INSTRUCTIONS TO FOLLOW: Omit any picture, and return the remaining data exactly as written.

INFORMATION SUPPLIED:
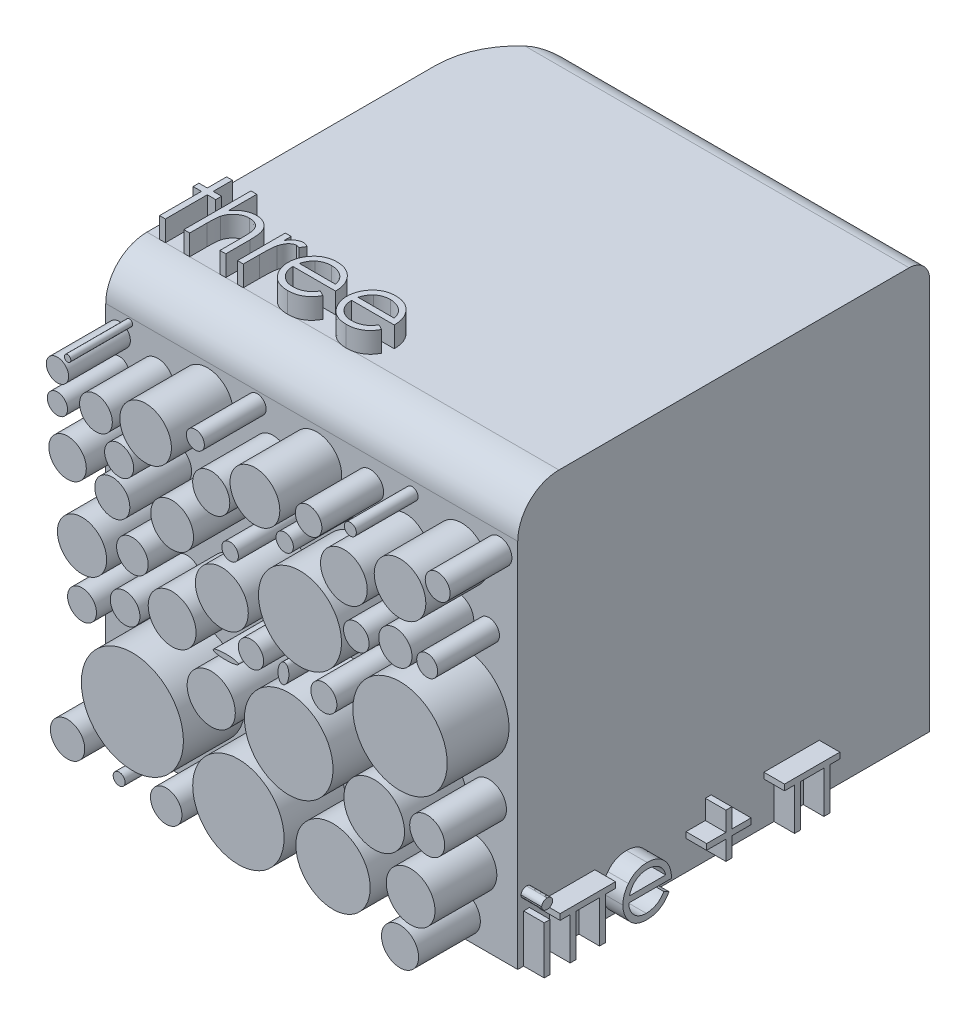
from build123d import *
from OCP.BRepFilletAPI import BRepFilletAPI_MakeFillet

# Parameters (mm, degrees)
SKETCH2_W           = 20
SKETCH2_H           = 20
BOSS_EXTRUDE1_DEPTH = 20
SKETCH3_W           = 0.284935898
SKETCH3_H           = 2.320192308
BOSS_EXTRUDE2_DEPTH = 1
FILLET1_R1          = 2
FILLET1_R2          = 1
FILLET1_R3          = 4
BOSS_EXTRUDE3_DEPTH = 1
SKETCH5_R           = 0.869274054
SKETCH5_R_2         = 1.87334708
SKETCH5_R_3         = 1.224259222
SKETCH5_R_4         = 0.854359486
SKETCH5_R_5         = 0.723058737
SKETCH5_R_6         = 0.828150602
SKETCH5_R_7         = 1.20534194
SKETCH5_R_8         = 2.196982283
SKETCH5_R_9         = 1.648859169
SKETCH5_R_10        = 0.887298728
SKETCH5_R_11        = 1.198491665
SKETCH5_R_12        = 1.240938395
SKETCH5_R_13        = 1.52286101
SKETCH5_R_14        = 2.08407997
SKETCH5_R_15        = 1.116428312
SKETCH5_R_16        = 0.510356374
SKETCH5_R_17        = 0.928303522
SKETCH5_R_18        = 1.048285303
SKETCH5_R_19        = 1.120954627
SKETCH5_R_20        = 1.035138007
SKETCH5_R_21        = 1.063032749
SKETCH5_R_22        = 0.901829478
SKETCH5_R_23        = 0.83084329
SKETCH5_R_24        = 0.806786337
SKETCH5_R_25        = 0.775997991
SKETCH5_R_26        = 0.848871038
SKETCH5_R_27        = 0.739481873
SKETCH5_R_28        = 1.066466648
SKETCH5_R_29        = 0.843889534
SKETCH5_R_30        = 0.704115082
SKETCH5_R_31        = 0.319725843
SKETCH5_R_32        = 0.681387214
SKETCH5_R_33        = 0.790534868
SKETCH5_R_34        = 0.573713006
SKETCH5_R_35        = 0.533233324
SKETCH5_R_36        = 0.625054899
SKETCH5_R_37        = 0.340042365
SKETCH5_R_38        = 0.519725647
SKETCH5_R_39        = 0.813729973
SKETCH5_R_40        = 0.720290961
SKETCH5_R_41        = 0.811333119
SKETCH5_R_42        = 0.907849135
SKETCH5_R_43        = 0.760866236
SKETCH5_R_44        = 0.443440105
SKETCH5_R_45        = 0.505502597
SKETCH5_R_46        = 0.653372918
SKETCH5_R_47        = 0.821463246
SKETCH5_R_48        = 0.243410693
SKETCH5_R_49        = 0.331818637
SKETCH5_R_50        = 0.58557289
SKETCH5_R_51        = 0.913548579
SKETCH5_R_52        = 0.618089992
SKETCH5_R_53        = 0.33645039
SKETCH5_R_54        = 0.353045631
SKETCH5_R_55        = 0.558214156
SKETCH5_R_56        = 0.708578995
SKETCH5_R_57        = 0.386937988
SKETCH5_R_58        = 0.620695254
SKETCH5_R_59        = 0.450911284
SKETCH5_R_60        = 0.446571325
SKETCH5_R_61        = 0.637073751
SKETCH5_R_62        = 0.354108624
SKETCH5_R_63        = 0.719749999
SKETCH5_RX          = 0.571418379
SKETCH5_RY          = 0.334928494
BOSS_EXTRUDE4_DEPTH = 4
SKETCH6_R           = 0.794272448
SKETCH6_R_2         = 0.85045789
SKETCH6_R_3         = 0.901030327
SKETCH6_R_4         = 1.16174239
SKETCH6_R_5         = 1.038098205
SKETCH6_R_6         = 2.014765062
SKETCH6_R_7         = 2.14961737
SKETCH6_R_8         = 2.477089822
SKETCH6_R_9         = 1.183351901
SKETCH6_R_10        = 2.217815956
SKETCH6_R_11        = 1.803840094
SKETCH6_R_12        = 1.195092222
SKETCH6_R_13        = 0.702366469
SKETCH6_R_14        = 1.252556633
SKETCH6_R_15        = 2.290309651
SKETCH6_R_16        = 1.471259211
SKETCH6_R_17        = 1.284780558
SKETCH6_R_18        = 1.169284811
SKETCH6_R_19        = 0.719100487
SKETCH6_R_20        = 0.910166483
SKETCH6_R_21        = 1.250904183
SKETCH6_R_22        = 0.643183028
SKETCH6_R_23        = 1.207146771
SKETCH6_R_24        = 1.133501294
SKETCH6_R_25        = 0.806547414
SKETCH6_R_26        = 0.403167986
SKETCH6_R_27        = 0.767115422
SKETCH6_R_28        = 0.492725753
SKETCH6_R_29        = 0.157493034
SKETCH6_R_30        = 0.541714877
SKETCH6_R_31        = 0.436948105
SKETCH6_R_32        = 0.614399725
SKETCH6_R_33        = 0.834280538
SKETCH6_R_34        = 0.764414303
SKETCH6_R_35        = 0.289432363
SKETCH6_R_36        = 0.90045624
SKETCH6_R_37        = 0.84902596
SKETCH6_R_38        = 0.633160864
SKETCH6_R_39        = 0.705305254
SKETCH6_R_40        = 0.508480831
SKETCH6_R_41        = 0.621454766
SKETCH6_R_42        = 0.603096786
SKETCH6_R_43        = 0.422088862
SKETCH6_RX          = 0.486141315
SKETCH6_RY          = 0.259275368
SKETCH6_RX_2        = 0.611023877
SKETCH6_RY_2        = 0.128636606
BOSS_EXTRUDE5_DEPTH = 3


with BuildPart() as part:
    # Sketch2 → Boss-Extrude1 (new body)
    with BuildSketch(Plane(origin=(0, 0, 0), x_dir=(1, 0, 0), z_dir=(0, 1, 0))):
        with Locations((10, -10)):
            Rectangle(SKETCH2_W, SKETCH2_H)
    extrude(amount=BOSS_EXTRUDE1_DEPTH)

    # Sketch3 → Boss-Extrude2 (add)
    # profile 1 of 6: a face of its own
    with BuildSketch(Plane(origin=(20, 0, 0), x_dir=(0, 0, -1), z_dir=(1, 0, 0))):
        with BuildLine():
            add(Edge.make_bspline(
                [(-19.573868189, 3.297115385), (-19.556186781, 3.296295189), (-19.521563189, 3.294689089), (-19.47149501, 3.280935463), (-19.425904721, 3.257622177), (-19.385466349, 3.226344181), (-19.350766423, 3.189560043), (-19.326472493, 3.146687593), (-19.310858391, 3.100370114), (-19.308972844, 3.06806214), (-19.308012821, 3.05161258)],
                knots=[0, 0, 0, 0, 1.055194115, 2.066272739, 3.074728998, 4.095836921, 5.109056067, 6.073838105, 7.019297344, 8, 8, 8, 8], degree=3))
            add(Edge.make_bspline(
                [(-19.308012821, 3.05161258), (-19.308994494, 3.03559003), (-19.310935147, 3.003915346), (-19.326460432, 2.958400839), (-19.350973462, 2.916124096), (-19.385444098, 2.879411381), (-19.425910617, 2.848150675), (-19.471493444, 2.824832805), (-19.521563601, 2.811080395), (-19.55618692, 2.809474127), (-19.573868189, 2.808653846)],
                knots=[0, 0, 0, 0, 0.96129708, 1.900370562, 2.859976407, 3.87933698, 4.906634145, 5.921202961, 6.938410037, 8, 8, 8, 8], degree=3))
            add(Edge.make_bspline(
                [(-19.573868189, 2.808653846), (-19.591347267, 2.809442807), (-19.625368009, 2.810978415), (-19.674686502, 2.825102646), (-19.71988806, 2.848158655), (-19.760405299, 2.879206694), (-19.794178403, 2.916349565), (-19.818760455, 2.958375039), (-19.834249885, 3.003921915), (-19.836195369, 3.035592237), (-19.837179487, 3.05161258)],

EXPECTED OUTPUT:
from build123d import *
from OCP.BRepFilletAPI import BRepFilletAPI_MakeFillet

# Parameters (mm, degrees)
SKETCH2_W           = 20
SKETCH2_H           = 20
BOSS_EXTRUDE1_DEPTH = 20
SKETCH3_W           = 0.284935898
SKETCH3_H           = 2.320192308
BOSS_EXTRUDE2_DEPTH = 1
FILLET1_R1          = 2
FILLET1_R2          = 1
FILLET1_R3          = 4
BOSS_EXTRUDE3_DEPTH = 1
SKETCH5_R           = 0.869274054
SKETCH5_R_2         = 1.87334708
SKETCH5_R_3         = 1.224259222
SKETCH5_R_4         = 0.854359486
SKETCH5_R_5         = 0.723058737
SKETCH5_R_6         = 0.828150602
SKETCH5_R_7         = 1.20534194
SKETCH5_R_8         = 2.196982283
SKETCH5_R_9         = 1.648859169
SKETCH5_R_10        = 0.887298728
SKETCH5_R_11        = 1.198491665
SKETCH5_R_12        = 1.240938395
SKETCH5_R_13        = 1.52286101
SKETCH5_R_14        = 2.08407997
SKETCH5_R_15        = 1.116428312
SKETCH5_R_16        = 0.510356374
SKETCH5_R_17        = 0.928303522
SKETCH5_R_18        = 1.048285303
SKETCH5_R_19        = 1.120954627
SKETCH5_R_20        = 1.035138007
SKETCH5_R_21        = 1.063032749
SKETCH5_R_22        = 0.901829478
SKETCH5_R_23        = 0.83084329
SKETCH5_R_24        = 0.806786337
SKETCH5_R_25        = 0.775997991
SKETCH5_R_26        = 0.848871038
SKETCH5_R_27        = 0.739481873
SKETCH5_R_28        = 1.066466648
SKETCH5_R_29        = 0.843889534
SKETCH5_R_30        = 0.704115082
SKETCH5_R_31        = 0.319725843
SKETCH5_R_32        = 0.681387214
SKETCH5_R_33        = 0.790534868
SKETCH5_R_34        = 0.573713006
SKETCH5_R_35        = 0.533233324
SKETCH5_R_36        = 0.625054899
SKETCH5_R_37        = 0.340042365
SKETCH5_R_38        = 0.519725647
SKETCH5_R_39        = 0.813729973
SKETCH5_R_40        = 0.720290961
SKETCH5_R_41        = 0.811333119
SKETCH5_R_42        = 0.907849135
SKETCH5_R_43        = 0.760866236
SKETCH5_R_44        = 0.443440105
SKETCH5_R_45        = 0.505502597
SKETCH5_R_46        = 0.653372918
SKETCH5_R_47        = 0.821463246
SKETCH5_R_48        = 0.243410693
SKETCH5_R_49        = 0.331818637
SKETCH5_R_50        = 0.58557289
SKETCH5_R_51        = 0.913548579
SKETCH5_R_52        = 0.618089992
SKETCH5_R_53        = 0.33645039
SKETCH5_R_54        = 0.353045631
SKETCH5_R_55        = 0.558214156
SKETCH5_R_56        = 0.708578995
SKETCH5_R_57        = 0.386937988
SKETCH5_R_58        = 0.620695254
SKETCH5_R_59        = 0.450911284
SKETCH5_R_60        = 0.446571325
SKETCH5_R_61        = 0.637073751
SKETCH5_R_62        = 0.354108624
SKETCH5_R_63        = 0.719749999
SKETCH5_RX          = 0.571418379
SKETCH5_RY          = 0.334928494
BOSS_EXTRUDE4_DEPTH = 4
SKETCH6_R           = 0.794272448
SKETCH6_R_2         = 0.85045789
SKETCH6_R_3         = 0.901030327
SKETCH6_R_4         = 1.16174239
SKETCH6_R_5         = 1.038098205
SKETCH6_R_6         = 2.014765062
SKETCH6_R_7         = 2.14961737
SKETCH6_R_8         = 2.477089822
SKETCH6_R_9         = 1.183351901
SKETCH6_R_10        = 2.217815956
SKETCH6_R_11        = 1.803840094
SKETCH6_R_12        = 1.195092222
SKETCH6_R_13        = 0.702366469
SKETCH6_R_14        = 1.252556633
SKETCH6_R_15        = 2.290309651
SKETCH6_R_16        = 1.471259211
SKETCH6_R_17        = 1.284780558
SKETCH6_R_18        = 1.169284811
SKETCH6_R_19        = 0.719100487
SKETCH6_R_20        = 0.910166483
SKETCH6_R_21        = 1.250904183
SKETCH6_R_22        = 0.643183028
SKETCH6_R_23        = 1.207146771
SKETCH6_R_24        = 1.133501294
SKETCH6_R_25        = 0.806547414
SKETCH6_R_26        = 0.403167986
SKETCH6_R_27        = 0.767115422
SKETCH6_R_28        = 0.492725753
SKETCH6_R_29        = 0.157493034
SKETCH6_R_30        = 0.541714877
SKETCH6_R_31        = 0.436948105
SKETCH6_R_32        = 0.614399725
SKETCH6_R_33        = 0.834280538
SKETCH6_R_34        = 0.764414303
SKETCH6_R_35        = 0.289432363
SKETCH6_R_36        = 0.90045624
SKETCH6_R_37        = 0.84902596
SKETCH6_R_38        = 0.633160864
SKETCH6_R_39        = 0.705305254
SKETCH6_R_40        = 0.508480831
SKETCH6_R_41        = 0.621454766
SKETCH6_R_42        = 0.603096786
SKETCH6_R_43        = 0.422088862
SKETCH6_RX          = 0.486141315
SKETCH6_RY          = 0.259275368
SKETCH6_RX_2        = 0.611023877
SKETCH6_RY_2        = 0.128636606
BOSS_EXTRUDE5_DEPTH = 3


with BuildPart() as part:
    # Sketch2 → Boss-Extrude1 (new body)
    with BuildSketch(Plane(origin=(0, 0, 0), x_dir=(1, 0, 0), z_dir=(0, 1, 0))):
        with Locations((10, -10)):
            Rectangle(SKETCH2_W, SKETCH2_H)
    extrude(amount=BOSS_EXTRUDE1_DEPTH)

    # Sketch3 → Boss-Extrude2 (add)
    # profile 1 of 6: a face of its own
    with BuildSketch(Plane(origin=(20, 0, 0), x_dir=(0, 0, -1), z_dir=(1, 0, 0))):
        with BuildLine():
            add(Edge.make_bspline(
                [(-19.573868189, 3.297115385), (-19.556186781, 3.296295189), (-19.521563189, 3.294689089), (-19.47149501, 3.280935463), (-19.425904721, 3.257622177), (-19.385466349, 3.226344181), (-19.350766423, 3.189560043), (-19.326472493, 3.146687593), (-19.310858391, 3.100370114), (-19.308972844, 3.06806214), (-19.308012821, 3.05161258)],
                knots=[0, 0, 0, 0, 1.055194115, 2.066272739, 3.074728998, 4.095836921, 5.109056067, 6.073838105, 7.019297344, 8, 8, 8, 8], degree=3))
            add(Edge.make_bspline(
                [(-19.308012821, 3.05161258), (-19.308994494, 3.03559003), (-19.310935147, 3.003915346), (-19.326460432, 2.958400839), (-19.350973462, 2.916124096), (-19.385444098, 2.879411381), (-19.425910617, 2.848150675), (-19.471493444, 2.824832805), (-19.521563601, 2.811080395), (-19.55618692, 2.809474127), (-19.573868189, 2.808653846)],
                knots=[0, 0, 0, 0, 0.96129708, 1.900370562, 2.859976407, 3.87933698, 4.906634145, 5.921202961, 6.938410037, 8, 8, 8, 8], degree=3))
            add(Edge.make_bspline(
                [(-19.573868189, 2.808653846), (-19.591347267, 2.809442807), (-19.625368009, 2.810978415), (-19.674686502, 2.825102646), (-19.71988806, 2.848158655), (-19.760405299, 2.879206694), (-19.794178403, 2.916349565), (-19.818760455, 2.958375039), (-19.834249885, 3.003921915), (-19.836195369, 3.035592237), (-19.837179487, 3.05161258)],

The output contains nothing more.